Your task: Keep to one stretch of the data below, the lines from the one with "#68=CARTESIAN_POINT('',(75.0000000000011,0.,0.));" up to and including the one with "#93=AXIS2_PLACEMENT_3D('',#90,#91,#92);", and return that stretch exactly.

*** Task input Section Begins ***

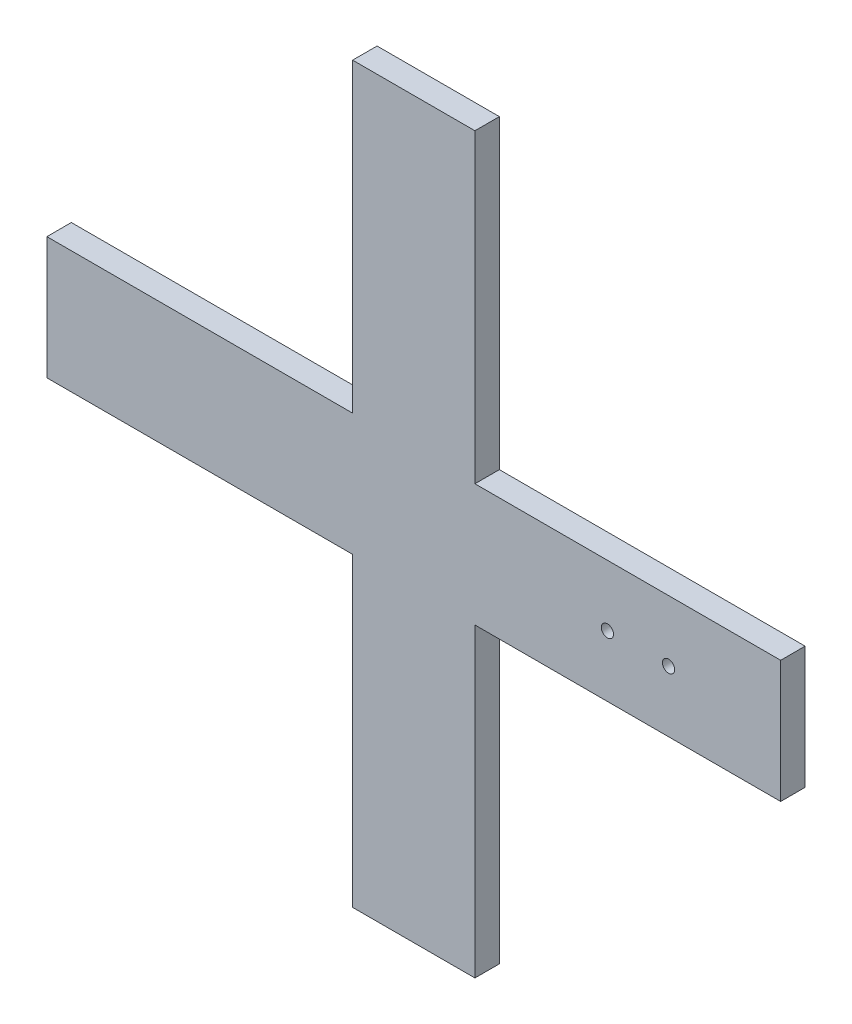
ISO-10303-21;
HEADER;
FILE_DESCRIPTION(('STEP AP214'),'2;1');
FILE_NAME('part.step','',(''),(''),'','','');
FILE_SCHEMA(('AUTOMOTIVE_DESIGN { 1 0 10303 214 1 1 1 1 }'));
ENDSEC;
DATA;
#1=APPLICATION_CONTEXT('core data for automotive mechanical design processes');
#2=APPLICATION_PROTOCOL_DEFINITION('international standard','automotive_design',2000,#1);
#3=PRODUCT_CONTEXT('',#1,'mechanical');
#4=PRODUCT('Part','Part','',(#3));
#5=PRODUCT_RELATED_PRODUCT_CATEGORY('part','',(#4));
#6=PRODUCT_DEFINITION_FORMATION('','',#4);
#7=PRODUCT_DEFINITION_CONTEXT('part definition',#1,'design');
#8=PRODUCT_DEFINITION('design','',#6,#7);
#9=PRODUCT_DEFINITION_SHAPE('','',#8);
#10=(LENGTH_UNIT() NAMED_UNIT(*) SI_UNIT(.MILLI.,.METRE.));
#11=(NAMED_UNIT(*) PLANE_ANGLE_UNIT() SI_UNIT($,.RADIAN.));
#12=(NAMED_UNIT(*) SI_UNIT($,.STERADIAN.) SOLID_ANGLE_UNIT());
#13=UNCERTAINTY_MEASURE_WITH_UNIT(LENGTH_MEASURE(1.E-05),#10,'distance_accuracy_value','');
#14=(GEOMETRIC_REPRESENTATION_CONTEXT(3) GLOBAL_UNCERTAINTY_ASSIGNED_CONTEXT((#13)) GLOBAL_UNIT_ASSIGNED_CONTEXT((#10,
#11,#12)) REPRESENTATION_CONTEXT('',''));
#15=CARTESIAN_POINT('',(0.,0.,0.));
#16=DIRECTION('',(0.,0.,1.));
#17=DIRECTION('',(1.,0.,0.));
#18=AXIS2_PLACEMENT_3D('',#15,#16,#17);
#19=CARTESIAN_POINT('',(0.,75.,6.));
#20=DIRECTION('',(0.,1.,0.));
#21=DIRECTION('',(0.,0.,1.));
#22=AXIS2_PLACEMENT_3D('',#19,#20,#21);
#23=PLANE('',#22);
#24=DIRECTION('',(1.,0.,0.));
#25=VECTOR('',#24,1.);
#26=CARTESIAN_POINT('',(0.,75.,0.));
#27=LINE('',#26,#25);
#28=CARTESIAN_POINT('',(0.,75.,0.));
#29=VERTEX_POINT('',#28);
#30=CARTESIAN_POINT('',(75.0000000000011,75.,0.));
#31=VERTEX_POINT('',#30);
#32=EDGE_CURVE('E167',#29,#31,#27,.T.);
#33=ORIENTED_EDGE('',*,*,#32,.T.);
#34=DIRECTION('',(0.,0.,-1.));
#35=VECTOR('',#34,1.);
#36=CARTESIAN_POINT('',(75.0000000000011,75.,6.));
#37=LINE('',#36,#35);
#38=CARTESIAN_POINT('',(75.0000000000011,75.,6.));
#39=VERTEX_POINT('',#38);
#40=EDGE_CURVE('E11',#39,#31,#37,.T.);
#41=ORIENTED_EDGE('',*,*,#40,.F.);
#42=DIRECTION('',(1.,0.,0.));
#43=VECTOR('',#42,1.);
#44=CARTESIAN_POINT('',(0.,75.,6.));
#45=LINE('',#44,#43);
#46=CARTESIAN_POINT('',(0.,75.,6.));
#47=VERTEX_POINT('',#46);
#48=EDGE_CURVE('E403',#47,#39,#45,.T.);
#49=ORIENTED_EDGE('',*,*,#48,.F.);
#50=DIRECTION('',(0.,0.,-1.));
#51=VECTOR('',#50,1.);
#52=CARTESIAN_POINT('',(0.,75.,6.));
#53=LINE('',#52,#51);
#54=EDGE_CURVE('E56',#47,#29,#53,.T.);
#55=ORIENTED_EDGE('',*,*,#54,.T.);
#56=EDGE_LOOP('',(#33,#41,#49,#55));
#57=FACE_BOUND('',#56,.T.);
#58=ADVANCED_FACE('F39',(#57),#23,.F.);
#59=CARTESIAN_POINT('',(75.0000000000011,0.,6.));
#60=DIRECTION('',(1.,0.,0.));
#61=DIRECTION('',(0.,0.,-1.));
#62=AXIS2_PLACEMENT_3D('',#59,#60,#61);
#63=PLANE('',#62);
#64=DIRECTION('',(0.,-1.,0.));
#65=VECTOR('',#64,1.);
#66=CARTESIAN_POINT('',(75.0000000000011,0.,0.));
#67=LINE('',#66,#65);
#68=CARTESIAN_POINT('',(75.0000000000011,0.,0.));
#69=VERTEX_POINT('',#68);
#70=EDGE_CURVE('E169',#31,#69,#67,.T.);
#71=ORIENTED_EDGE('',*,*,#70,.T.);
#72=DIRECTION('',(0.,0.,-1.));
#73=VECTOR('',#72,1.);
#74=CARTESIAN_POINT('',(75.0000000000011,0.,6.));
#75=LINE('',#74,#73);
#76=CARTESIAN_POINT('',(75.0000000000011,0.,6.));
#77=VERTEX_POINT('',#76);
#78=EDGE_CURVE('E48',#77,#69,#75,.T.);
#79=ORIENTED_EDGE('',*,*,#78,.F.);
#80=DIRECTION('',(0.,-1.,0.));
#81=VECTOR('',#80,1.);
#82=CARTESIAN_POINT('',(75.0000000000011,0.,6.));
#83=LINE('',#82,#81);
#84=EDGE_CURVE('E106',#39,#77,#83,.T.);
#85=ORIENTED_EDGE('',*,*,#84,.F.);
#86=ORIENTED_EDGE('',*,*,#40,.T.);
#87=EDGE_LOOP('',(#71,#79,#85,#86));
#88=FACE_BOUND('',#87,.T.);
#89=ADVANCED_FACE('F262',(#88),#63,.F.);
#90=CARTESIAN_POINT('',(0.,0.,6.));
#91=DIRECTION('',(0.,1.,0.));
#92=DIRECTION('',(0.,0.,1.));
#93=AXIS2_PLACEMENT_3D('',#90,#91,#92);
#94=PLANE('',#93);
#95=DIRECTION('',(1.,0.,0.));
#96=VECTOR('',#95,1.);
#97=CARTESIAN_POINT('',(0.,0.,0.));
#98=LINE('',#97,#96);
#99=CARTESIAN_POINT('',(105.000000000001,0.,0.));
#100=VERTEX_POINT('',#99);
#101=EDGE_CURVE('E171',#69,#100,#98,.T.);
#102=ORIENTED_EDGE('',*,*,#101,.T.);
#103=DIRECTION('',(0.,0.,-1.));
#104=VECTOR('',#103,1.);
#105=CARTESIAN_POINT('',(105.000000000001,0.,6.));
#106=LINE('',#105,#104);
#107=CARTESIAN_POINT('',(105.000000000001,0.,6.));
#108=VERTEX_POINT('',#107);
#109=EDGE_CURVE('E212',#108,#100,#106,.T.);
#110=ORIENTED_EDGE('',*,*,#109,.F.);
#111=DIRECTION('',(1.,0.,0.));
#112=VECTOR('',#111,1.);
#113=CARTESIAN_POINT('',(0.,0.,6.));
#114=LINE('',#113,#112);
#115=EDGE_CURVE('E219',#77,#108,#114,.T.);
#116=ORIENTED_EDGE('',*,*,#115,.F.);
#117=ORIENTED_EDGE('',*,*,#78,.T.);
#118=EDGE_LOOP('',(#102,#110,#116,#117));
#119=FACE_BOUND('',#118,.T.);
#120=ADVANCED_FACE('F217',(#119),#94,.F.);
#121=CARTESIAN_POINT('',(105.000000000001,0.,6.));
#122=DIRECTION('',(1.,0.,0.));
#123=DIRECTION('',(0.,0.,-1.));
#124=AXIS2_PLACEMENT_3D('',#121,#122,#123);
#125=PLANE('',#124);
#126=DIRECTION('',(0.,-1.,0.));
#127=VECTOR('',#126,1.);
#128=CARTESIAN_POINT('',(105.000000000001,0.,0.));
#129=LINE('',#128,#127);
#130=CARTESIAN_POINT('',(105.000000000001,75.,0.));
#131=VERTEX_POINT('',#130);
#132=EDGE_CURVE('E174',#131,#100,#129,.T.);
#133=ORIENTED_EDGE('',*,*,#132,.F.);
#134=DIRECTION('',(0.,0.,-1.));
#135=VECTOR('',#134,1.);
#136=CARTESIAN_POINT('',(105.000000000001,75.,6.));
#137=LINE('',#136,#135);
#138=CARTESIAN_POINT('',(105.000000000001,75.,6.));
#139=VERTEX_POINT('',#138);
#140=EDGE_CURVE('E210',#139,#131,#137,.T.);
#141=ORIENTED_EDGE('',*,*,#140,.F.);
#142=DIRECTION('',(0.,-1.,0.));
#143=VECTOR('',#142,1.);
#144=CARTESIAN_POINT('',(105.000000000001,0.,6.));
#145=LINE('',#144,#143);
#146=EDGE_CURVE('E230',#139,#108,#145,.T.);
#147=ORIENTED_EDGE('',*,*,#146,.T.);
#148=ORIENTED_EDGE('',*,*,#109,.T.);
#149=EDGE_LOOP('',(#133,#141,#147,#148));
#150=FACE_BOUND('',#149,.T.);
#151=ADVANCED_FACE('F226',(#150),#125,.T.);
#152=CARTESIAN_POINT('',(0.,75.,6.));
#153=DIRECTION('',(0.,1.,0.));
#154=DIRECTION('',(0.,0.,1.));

*** Task input Section Ends ***

Task result:
#68=CARTESIAN_POINT('',(75.0000000000011,0.,0.));
#69=VERTEX_POINT('',#68);
#70=EDGE_CURVE('E169',#31,#69,#67,.T.);
#71=ORIENTED_EDGE('',*,*,#70,.T.);
#72=DIRECTION('',(0.,0.,-1.));
#73=VECTOR('',#72,1.);
#74=CARTESIAN_POINT('',(75.0000000000011,0.,6.));
#75=LINE('',#74,#73);
#76=CARTESIAN_POINT('',(75.0000000000011,0.,6.));
#77=VERTEX_POINT('',#76);
#78=EDGE_CURVE('E48',#77,#69,#75,.T.);
#79=ORIENTED_EDGE('',*,*,#78,.F.);
#80=DIRECTION('',(0.,-1.,0.));
#81=VECTOR('',#80,1.);
#82=CARTESIAN_POINT('',(75.0000000000011,0.,6.));
#83=LINE('',#82,#81);
#84=EDGE_CURVE('E106',#39,#77,#83,.T.);
#85=ORIENTED_EDGE('',*,*,#84,.F.);
#86=ORIENTED_EDGE('',*,*,#40,.T.);
#87=EDGE_LOOP('',(#71,#79,#85,#86));
#88=FACE_BOUND('',#87,.T.);
#89=ADVANCED_FACE('F262',(#88),#63,.F.);
#90=CARTESIAN_POINT('',(0.,0.,6.));
#91=DIRECTION('',(0.,1.,0.));
#92=DIRECTION('',(0.,0.,1.));
#93=AXIS2_PLACEMENT_3D('',#90,#91,#92);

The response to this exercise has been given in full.